MATERIAL PROVIDED Block Start

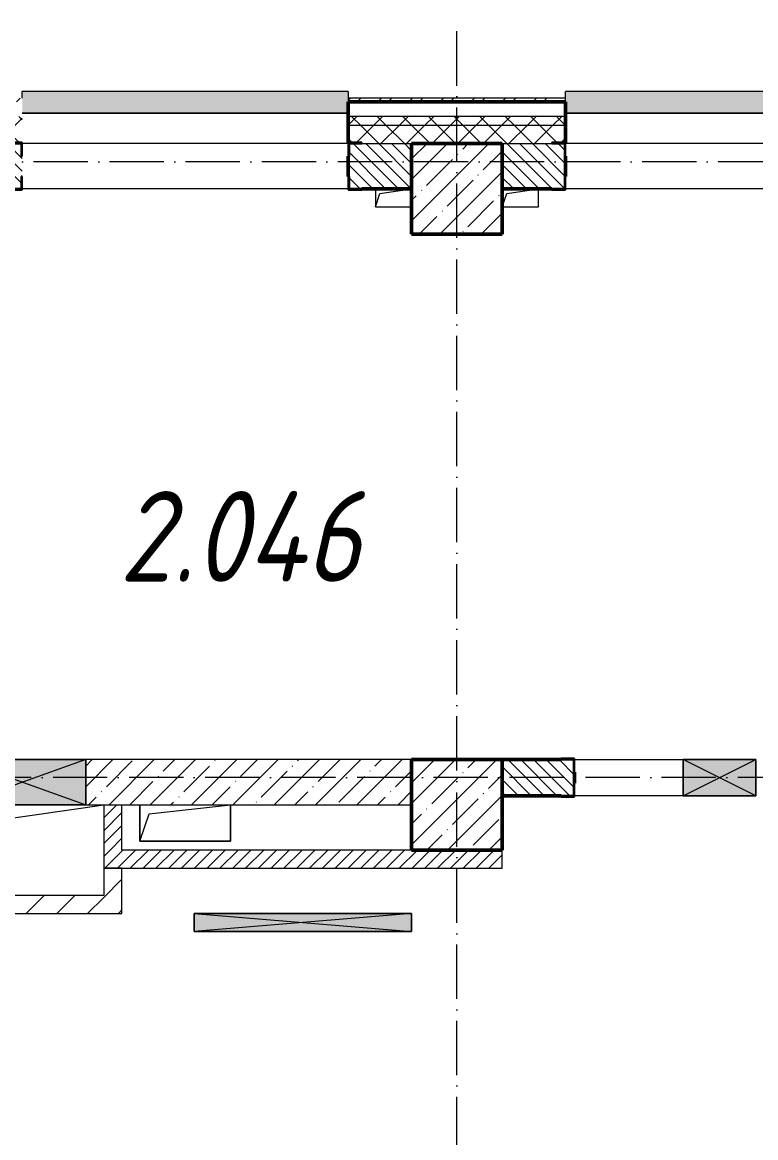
# Model space of a CAD drawing. Header units: millimetres. Extents: x -213536 to 1564669, y -45299 to 942238.
# Drawn here: x 35608 to 39658, y 463009 to 469166 of the extents above; entities that cross this region are included whole.
import ezdxf

# ---------------------------------------------------------------- set-up
doc = ezdxf.new("R2010")
doc.units = ezdxf.units.MM
doc.linetypes.add('50_200_ШТРИХ_1Т_ш5_п1_п1_', pattern=[700, 500, -100, 0, -100])
for name, color, linetype, lineweight in [('3.1) ЖБ окна 1.2 м', 102, 'Continuous', 30), ('A-DETL-GENF-OTLN', 7, 'Continuous', 9), ('A-FLOR-____-OTLN', 7, 'Continuous', 9), ('A-GENM-____-MCUT', 7, 'Continuous', 25), ('A-GENM-____-OTLN', 7, 'Continuous', 9), ('A-GENM-____-OTLN-1', 7, 'Continuous', 25), ('A-GLAZ-____-OTLN', 7, 'Continuous', 9), ('A-WALL-____-MCUT-1', 7, 'Continuous', 9), ('A-WALL-____-MCUT-2', 7, 'Continuous', 50), ('A-WALL-____-MCUT-3', 7, 'Continuous', 9), ('A-WALL-____-OTLN', 7, 'Continuous', 9), ('A-WALL-____-PATT-1', 7, 'Continuous', 9), ('A-WALL-FNSH-MCUT-1', 7, 'Continuous', 9), ('I-WALL-____-OTLN', 7, 'Continuous', 9), ('S-COLS-____-MCUT', 7, 'Continuous', 50), ('S-COLS-____-OTLN', 7, 'Continuous', 9), ('S-GRID-____-OTLN-1', 7, '50_200_ШТРИХ_1Т_ш5_п1_п1_', 9), ('Марки помещений', 7, 'Continuous', 9)]:
    doc.layers.add(name, color=color, linetype=linetype, lineweight=lineweight)
doc.layers.add('A-GLAZ-____-OTLN-1', color=7, linetype='Continuous', lineweight=9, true_color=0xc0c0c0)
doc.styles.add('ISOCPEUR_I_3', font='isocpeui.ttf', dxfattribs={"width": 0.85, "height": 2.2})
pattern_1 = [(45, (-15591.66, 459015.94), (-70.71068, 70.71068), []), (135, (-15591.66, 459015.94), (-70.71068, -70.71068), [])]
pattern_2 = [(45, (-15591.66, 459015.94), (-84.8528, 84.8528), [])]
pattern_3 = [(135, (-15591.663, 459015.94), (-35.35534, -35.35534), [])]
pattern_4 = [(45, (-15591.663, 459015.94), (-35.35534, 35.35534), [])]

# ---------------------------------------------------------------- blocks, each defined once
blk = doc.blocks.new('BSC_Колонна _Прямоугольная - 500х500-V62-АР1_План отверстий 2 этажа в осях 1-64_А-ГГ')
at = {"layer": 'S-COLS-____-OTLN'}
h = blk.add_hatch(dxfattribs=at)
h.set_pattern_fill('FP_91', color=256, style=0, pattern_type=2)
h.set_pattern_definition([(45, (-53600, -5831.04), (-114.04925, 114.04925), []), (45, (-53485.95, -5831.04), (-114.04925, 114.04925), [201.613, -40.323, 3.353, -36.97])])
h.paths.add_polyline_path([(-250, -250), (250, -250), (250, 250), (-250, 250)], flags=0)
at = {"layer": 'S-COLS-____-MCUT'}
for p, q in [((250, 250), (-250, 250)), ((-250, 250), (-250, -250)), ((250, -250), (250, 250)), ((-250, -250), (250, -250))]:
    blk.add_line(p, q, dxfattribs=at)
blk = doc.blocks.new('BSC_Колонна _Прямоугольная - 500х500-V117-АР1_План отверстий 2 этажа в осях 1-64_А-ГГ')
at = {"layer": 'S-COLS-____-OTLN'}
h = blk.add_hatch(dxfattribs=at)
h.set_pattern_fill('FP_146', color=256, style=0, pattern_type=2)
h.set_pattern_definition([(45, (-53600, -9231.04), (-114.04925, 114.04925), []), (45, (-53485.95, -9231.04), (-114.04925, 114.04925), [201.613, -40.323, 3.353, -36.97])])
h.paths.add_polyline_path([(-250, -250), (250, -250), (250, 250), (-250, 250), (-250, 104.8)], flags=0)
at = {"layer": 'S-COLS-____-MCUT'}
for p, q in [((250, 250), (-250, 250)), ((-250, 250), (-250, -250)), ((250, -250), (250, 250)), ((-250, -250), (250, -250))]:
    blk.add_line(p, q, dxfattribs=at)
blk = doc.blocks.new('Фахверк_СКБ_Уголок - 250_2700-27497298-АР1_План отверстий 2 этажа в осях 1-64_А-ГГ')
at = {"layer": 'A-GENM-____-MCUT'}
for p, q in [((200, 181), (125, 181)), ((125, 181), (125, 106)), ((131, 106), (131, 175)), ((131, 175), (200, 175)), ((200, 175), (200, 181)), ((125, 106), (131, 106)), ((131, -6), (125, -6)), ((125, -6), (125, -81)), ((131, -75), (131, -6)), ((125, -81), (200, -81)), ((200, -75), (131, -75)), ((200, -81), (200, -75))]:
    blk.add_line(p, q, dxfattribs=at)
blk = doc.blocks.new('Фахверк_СКБ_Уголок - 200_3960-28268576-АР1_План отверстий 2 этажа в осях 1-64_А-ГГ')
at = {"layer": 'A-GENM-____-MCUT'}
for p, q in [((200, 156), (125, 156)), ((125, 156), (125, 81)), ((131, 81), (131, 150)), ((131, 150), (200, 150)), ((200, 150), (200, 156)), ((125, 81), (131, 81)), ((131, 19), (125, 19)), ((125, 19), (125, -56)), ((131, -50), (131, 19)), ((125, -56), (200, -56)), ((200, -50), (131, -50)), ((200, -56), (200, -50))]:
    blk.add_line(p, q, dxfattribs=at)
blk = doc.blocks.new('AR_Отверстие прямоугольное _в плите_ - AR_Отверстие прямоугольное _в плите_-V156-АР1_План отверстий 2 этажа в осях 1-64_А-ГГ')
at = {"layer": 'A-GENM-____-OTLN'}
for p, q in [((-250, 100), (-250, -100)), ((-200, 50), (250, 100)), ((250, -100), (250, 100)), ((-250, -100), (-200, 50)), ((-250, -100), (250, -100))]:
    blk.add_line(p, q, dxfattribs=at)
blk = doc.blocks.new('AR_Отверстие прямоугольное _в плите_ - AR_Отверстие прямоугольное _в плите_-V165-АР1_План отверстий 2 этажа в осях 1-64_А-ГГ')
at = {"layer": 'A-GENM-____-OTLN'}
for p, q in [((-100, 50), (-100, -50)), ((-100, -50), (-75, 25)), ((-75, 25), (100, 50)), ((-100, -50), (100, -50))]:
    blk.add_line(p, q, dxfattribs=at)
blk = doc.blocks.new('AR_Отверстие прямоугольное _в плите_ - AR_Отверстие прямоугольное _в плите_-V166-АР1_План отверстий 2 этажа в осях 1-64_А-ГГ')
at = {"layer": 'A-GENM-____-OTLN'}
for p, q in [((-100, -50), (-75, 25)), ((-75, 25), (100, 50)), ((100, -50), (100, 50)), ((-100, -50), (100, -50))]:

MATERIAL PROVIDED Block End

DIRECTIONS FOR THIS TASK: An exact, word-for-word copy of the records is expected, with no pictures in it.

REPLY:
# Model space of a CAD drawing. Header units: millimetres. Extents: x -213536 to 1564669, y -45299 to 942238.
# Drawn here: x 35608 to 39658, y 463009 to 469166 of the extents above; entities that cross this region are included whole.
import ezdxf

# ---------------------------------------------------------------- set-up
doc = ezdxf.new("R2010")
doc.units = ezdxf.units.MM
doc.linetypes.add('50_200_ШТРИХ_1Т_ш5_п1_п1_', pattern=[700, 500, -100, 0, -100])
for name, color, linetype, lineweight in [('3.1) ЖБ окна 1.2 м', 102, 'Continuous', 30), ('A-DETL-GENF-OTLN', 7, 'Continuous', 9), ('A-FLOR-____-OTLN', 7, 'Continuous', 9), ('A-GENM-____-MCUT', 7, 'Continuous', 25), ('A-GENM-____-OTLN', 7, 'Continuous', 9), ('A-GENM-____-OTLN-1', 7, 'Continuous', 25), ('A-GLAZ-____-OTLN', 7, 'Continuous', 9), ('A-WALL-____-MCUT-1', 7, 'Continuous', 9), ('A-WALL-____-MCUT-2', 7, 'Continuous', 50), ('A-WALL-____-MCUT-3', 7, 'Continuous', 9), ('A-WALL-____-OTLN', 7, 'Continuous', 9), ('A-WALL-____-PATT-1', 7, 'Continuous', 9), ('A-WALL-FNSH-MCUT-1', 7, 'Continuous', 9), ('I-WALL-____-OTLN', 7, 'Continuous', 9), ('S-COLS-____-MCUT', 7, 'Continuous', 50), ('S-COLS-____-OTLN', 7, 'Continuous', 9), ('S-GRID-____-OTLN-1', 7, '50_200_ШТРИХ_1Т_ш5_п1_п1_', 9), ('Марки помещений', 7, 'Continuous', 9)]:
    doc.layers.add(name, color=color, linetype=linetype, lineweight=lineweight)
doc.layers.add('A-GLAZ-____-OTLN-1', color=7, linetype='Continuous', lineweight=9, true_color=0xc0c0c0)
doc.styles.add('ISOCPEUR_I_3', font='isocpeui.ttf', dxfattribs={"width": 0.85, "height": 2.2})
pattern_1 = [(45, (-15591.66, 459015.94), (-70.71068, 70.71068), []), (135, (-15591.66, 459015.94), (-70.71068, -70.71068), [])]
pattern_2 = [(45, (-15591.66, 459015.94), (-84.8528, 84.8528), [])]
pattern_3 = [(135, (-15591.663, 459015.94), (-35.35534, -35.35534), [])]
pattern_4 = [(45, (-15591.663, 459015.94), (-35.35534, 35.35534), [])]

# ---------------------------------------------------------------- blocks, each defined once
blk = doc.blocks.new('BSC_Колонна _Прямоугольная - 500х500-V62-АР1_План отверстий 2 этажа в осях 1-64_А-ГГ')
at = {"layer": 'S-COLS-____-OTLN'}
h = blk.add_hatch(dxfattribs=at)
h.set_pattern_fill('FP_91', color=256, style=0, pattern_type=2)
h.set_pattern_definition([(45, (-53600, -5831.04), (-114.04925, 114.04925), []), (45, (-53485.95, -5831.04), (-114.04925, 114.04925), [201.613, -40.323, 3.353, -36.97])])
h.paths.add_polyline_path([(-250, -250), (250, -250), (250, 250), (-250, 250)], flags=0)
at = {"layer": 'S-COLS-____-MCUT'}
for p, q in [((250, 250), (-250, 250)), ((-250, 250), (-250, -250)), ((250, -250), (250, 250)), ((-250, -250), (250, -250))]:
    blk.add_line(p, q, dxfattribs=at)
blk = doc.blocks.new('BSC_Колонна _Прямоугольная - 500х500-V117-АР1_План отверстий 2 этажа в осях 1-64_А-ГГ')
at = {"layer": 'S-COLS-____-OTLN'}
h = blk.add_hatch(dxfattribs=at)
h.set_pattern_fill('FP_146', color=256, style=0, pattern_type=2)
h.set_pattern_definition([(45, (-53600, -9231.04), (-114.04925, 114.04925), []), (45, (-53485.95, -9231.04), (-114.04925, 114.04925), [201.613, -40.323, 3.353, -36.97])])
h.paths.add_polyline_path([(-250, -250), (250, -250), (250, 250), (-250, 250), (-250, 104.8)], flags=0)
at = {"layer": 'S-COLS-____-MCUT'}
for p, q in [((250, 250), (-250, 250)), ((-250, 250), (-250, -250)), ((250, -250), (250, 250)), ((-250, -250), (250, -250))]:
    blk.add_line(p, q, dxfattribs=at)
blk = doc.blocks.new('Фахверк_СКБ_Уголок - 250_2700-27497298-АР1_План отверстий 2 этажа в осях 1-64_А-ГГ')
at = {"layer": 'A-GENM-____-MCUT'}
for p, q in [((200, 181), (125, 181)), ((125, 181), (125, 106)), ((131, 106), (131, 175)), ((131, 175), (200, 175)), ((200, 175), (200, 181)), ((125, 106), (131, 106)), ((131, -6), (125, -6)), ((125, -6), (125, -81)), ((131, -75), (131, -6)), ((125, -81), (200, -81)), ((200, -75), (131, -75)), ((200, -81), (200, -75))]:
    blk.add_line(p, q, dxfattribs=at)
blk = doc.blocks.new('Фахверк_СКБ_Уголок - 200_3960-28268576-АР1_План отверстий 2 этажа в осях 1-64_А-ГГ')
at = {"layer": 'A-GENM-____-MCUT'}
for p, q in [((200, 156), (125, 156)), ((125, 156), (125, 81)), ((131, 81), (131, 150)), ((131, 150), (200, 150)), ((200, 150), (200, 156)), ((125, 81), (131, 81)), ((131, 19), (125, 19)), ((125, 19), (125, -56)), ((131, -50), (131, 19)), ((125, -56), (200, -56)), ((200, -50), (131, -50)), ((200, -56), (200, -50))]:
    blk.add_line(p, q, dxfattribs=at)
blk = doc.blocks.new('AR_Отверстие прямоугольное _в плите_ - AR_Отверстие прямоугольное _в плите_-V156-АР1_План отверстий 2 этажа в осях 1-64_А-ГГ')
at = {"layer": 'A-GENM-____-OTLN'}
for p, q in [((-250, 100), (-250, -100)), ((-200, 50), (250, 100)), ((250, -100), (250, 100)), ((-250, -100), (-200, 50)), ((-250, -100), (250, -100))]:
    blk.add_line(p, q, dxfattribs=at)
blk = doc.blocks.new('AR_Отверстие прямоугольное _в плите_ - AR_Отверстие прямоугольное _в плите_-V165-АР1_План отверстий 2 этажа в осях 1-64_А-ГГ')
at = {"layer": 'A-GENM-____-OTLN'}
for p, q in [((-100, 50), (-100, -50)), ((-100, -50), (-75, 25)), ((-75, 25), (100, 50)), ((-100, -50), (100, -50))]:
    blk.add_line(p, q, dxfattribs=at)
blk = doc.blocks.new('AR_Отверстие прямоугольное _в плите_ - AR_Отверстие прямоугольное _в плите_-V166-АР1_План отверстий 2 этажа в осях 1-64_А-ГГ')
at = {"layer": 'A-GENM-____-OTLN'}
for p, q in [((-100, -50), (-75, 25)), ((-75, 25), (100, 50)), ((100, -50), (100, 50)), ((-100, -50), (100, -50))]:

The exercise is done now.